I had a context that strongly suggested a plural meaning, and I wanted to be sure.


----------



## SoLaTiDoberman

Riccardo91 said:


> I had a context that strongly suggested a plural meaning, and I wanted to be sure.


Okay.
I think what I said is true, if we focus on the grammar.
However, I can't rule out the possibility that the 奴 was used for plural people in your context.
Japanese is the language in which we usually don't care much about the difference between singular and plural. Many nouns don't even have the distinction.
Regarding 奴, we can distinguish by using 奴ら for plural people. But what if the author didn't care about the distinction at all?

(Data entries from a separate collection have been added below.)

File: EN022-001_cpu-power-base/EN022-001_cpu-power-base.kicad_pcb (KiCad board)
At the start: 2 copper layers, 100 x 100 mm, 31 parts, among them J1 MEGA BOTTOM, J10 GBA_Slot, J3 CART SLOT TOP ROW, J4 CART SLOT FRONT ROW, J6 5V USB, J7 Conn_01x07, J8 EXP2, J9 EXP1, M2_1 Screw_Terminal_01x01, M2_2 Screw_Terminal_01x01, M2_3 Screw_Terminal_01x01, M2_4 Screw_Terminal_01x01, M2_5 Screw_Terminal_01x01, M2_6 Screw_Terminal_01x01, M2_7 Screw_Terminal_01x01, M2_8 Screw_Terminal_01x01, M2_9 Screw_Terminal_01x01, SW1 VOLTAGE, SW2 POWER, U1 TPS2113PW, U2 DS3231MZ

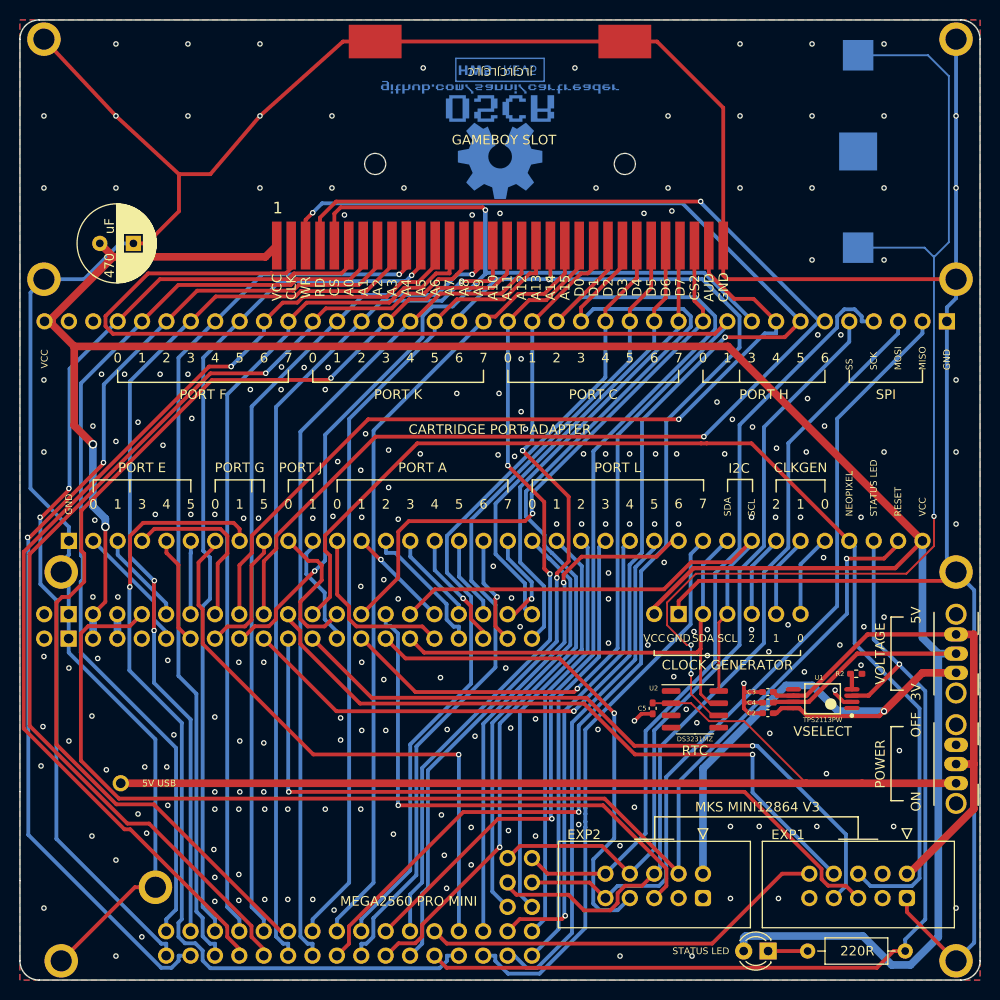
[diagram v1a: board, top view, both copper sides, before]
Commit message: mountin holes position
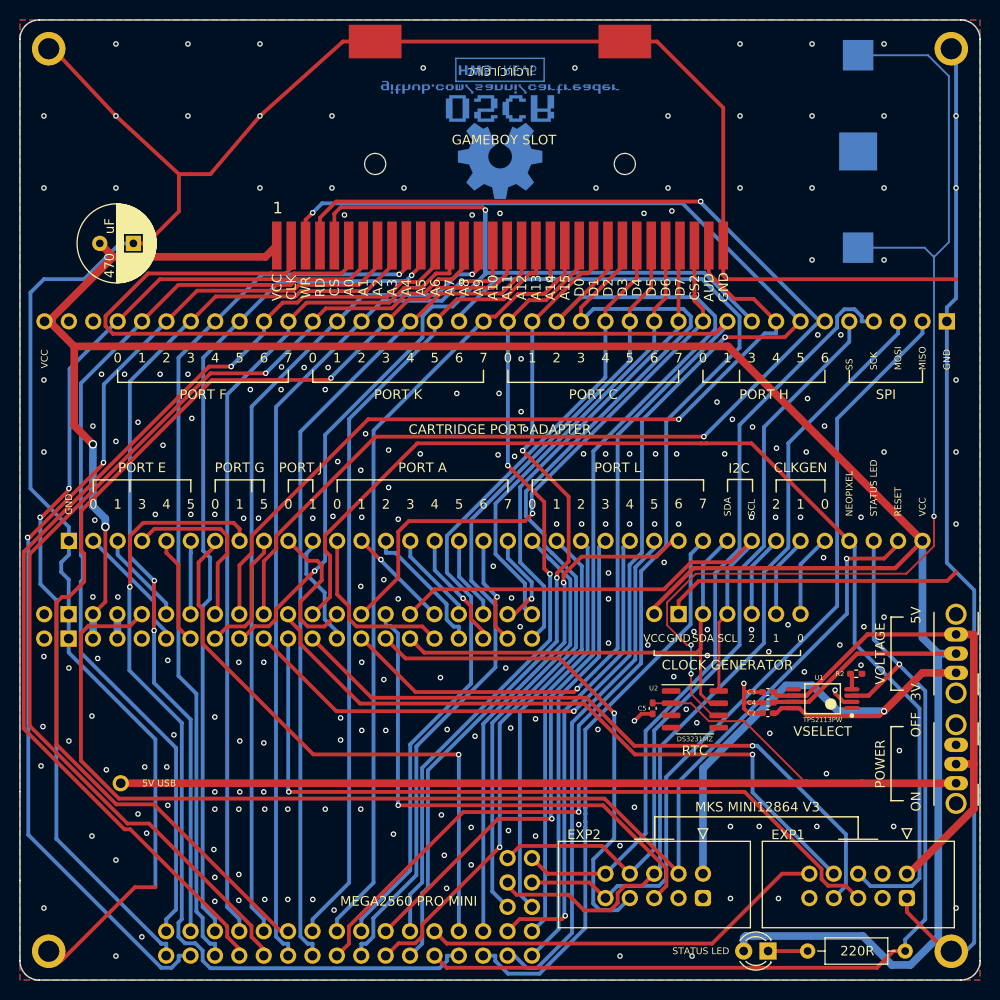
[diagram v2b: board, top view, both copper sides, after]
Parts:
- removed M2_5, M2_6, M2_7, M2_8, M2_9: Screw_Terminal_01x01, MountingHole:MountingHole_2.2mm_M2_ISO7380_Pad
- moved M2_3 117.6 mm to (103.0, 147.0)
- moved M2_4 39.5 mm to (197.0, 147.0)
- moved M2_1 1.12 mm to (103.0, 53.0)
- moved M2_2 1.12 mm to (197.0, 53.0)

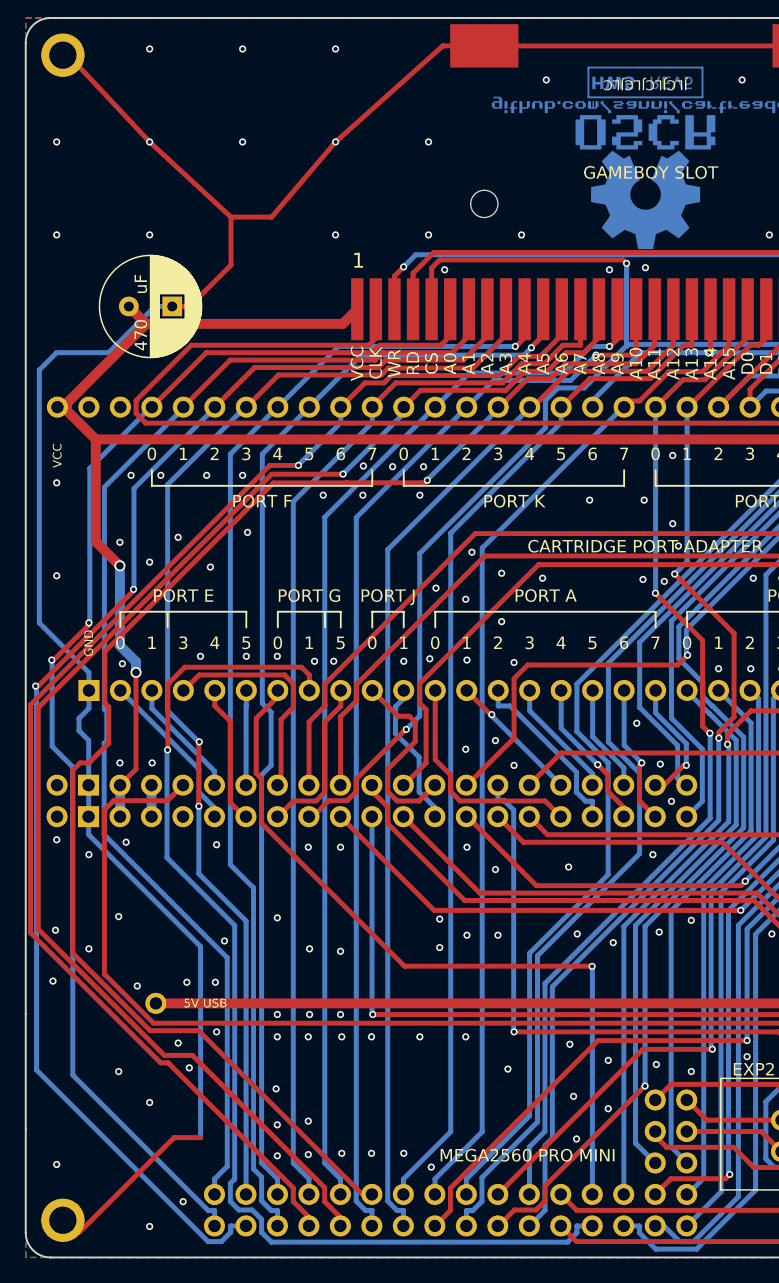
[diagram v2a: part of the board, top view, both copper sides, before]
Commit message: Removed atmega board connector
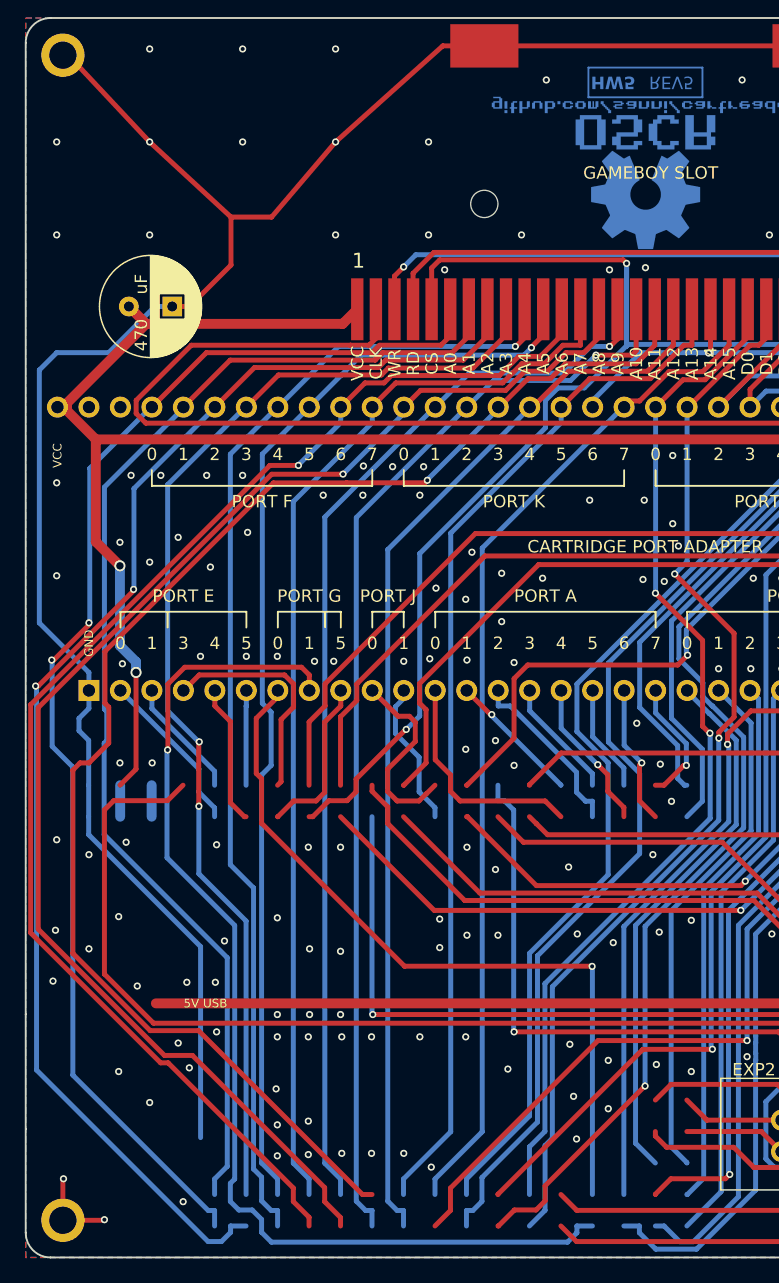
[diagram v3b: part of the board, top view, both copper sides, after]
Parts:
- removed J1: MEGA BOTTOM, !OSCR:MEGA2560_PRO_MINI
- removed J6: 5V USB, Connector_PinHeader_2.54mm:PinHeader_1x01_P2.54mm_Vertical
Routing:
- net GND: track 382.8 -> 376.5 mm
- net +3.3VA: track 2.54 -> 0.00 mm
- net (no net): track 0.00 -> 2.54 mm
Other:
- board text removed: "JLCJLCJLCJLC"

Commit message: updateted GBA slot
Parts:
- added U3: CH32V307VCT6, Package_QFP:LQFP-100_14x14mm_P0.5mm, F.Cu at (147.3, 122.8)
- added U7: AMS1117-3.3, Package_TO_SOT_SMD:SOT-223-3_TabPin2, F.Cu at (108.6, 139.3)
- J10: footprint !sanni:GBA-SLOT-B -> !OSCR:GBA_Slot
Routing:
- net A12: track 88.2 -> 86.9 mm, vias 0 -> 1
- net GND: vias 215 -> 212
- net D41: vias 1 -> 2
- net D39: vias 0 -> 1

You have to decide according to the context.


----------



## Riccardo91

I didn't talk about the context because I thought that a strictly grammar-related answer was what I needed in this case, but given your last answer I was probably wrong.

In my context, the sentence そんなすごい奴だったのか could be referred to one or two people. Both the interpretations work perfectly fine. However, right after the same person says:

みえない. 特にあの少年
It wouldn't seem (he's/they're so great). Especially that boy.

That 特にあの少年 strongly suggests that the first sentence is referred to both people, and that one of those two in particular looks far less great than he is.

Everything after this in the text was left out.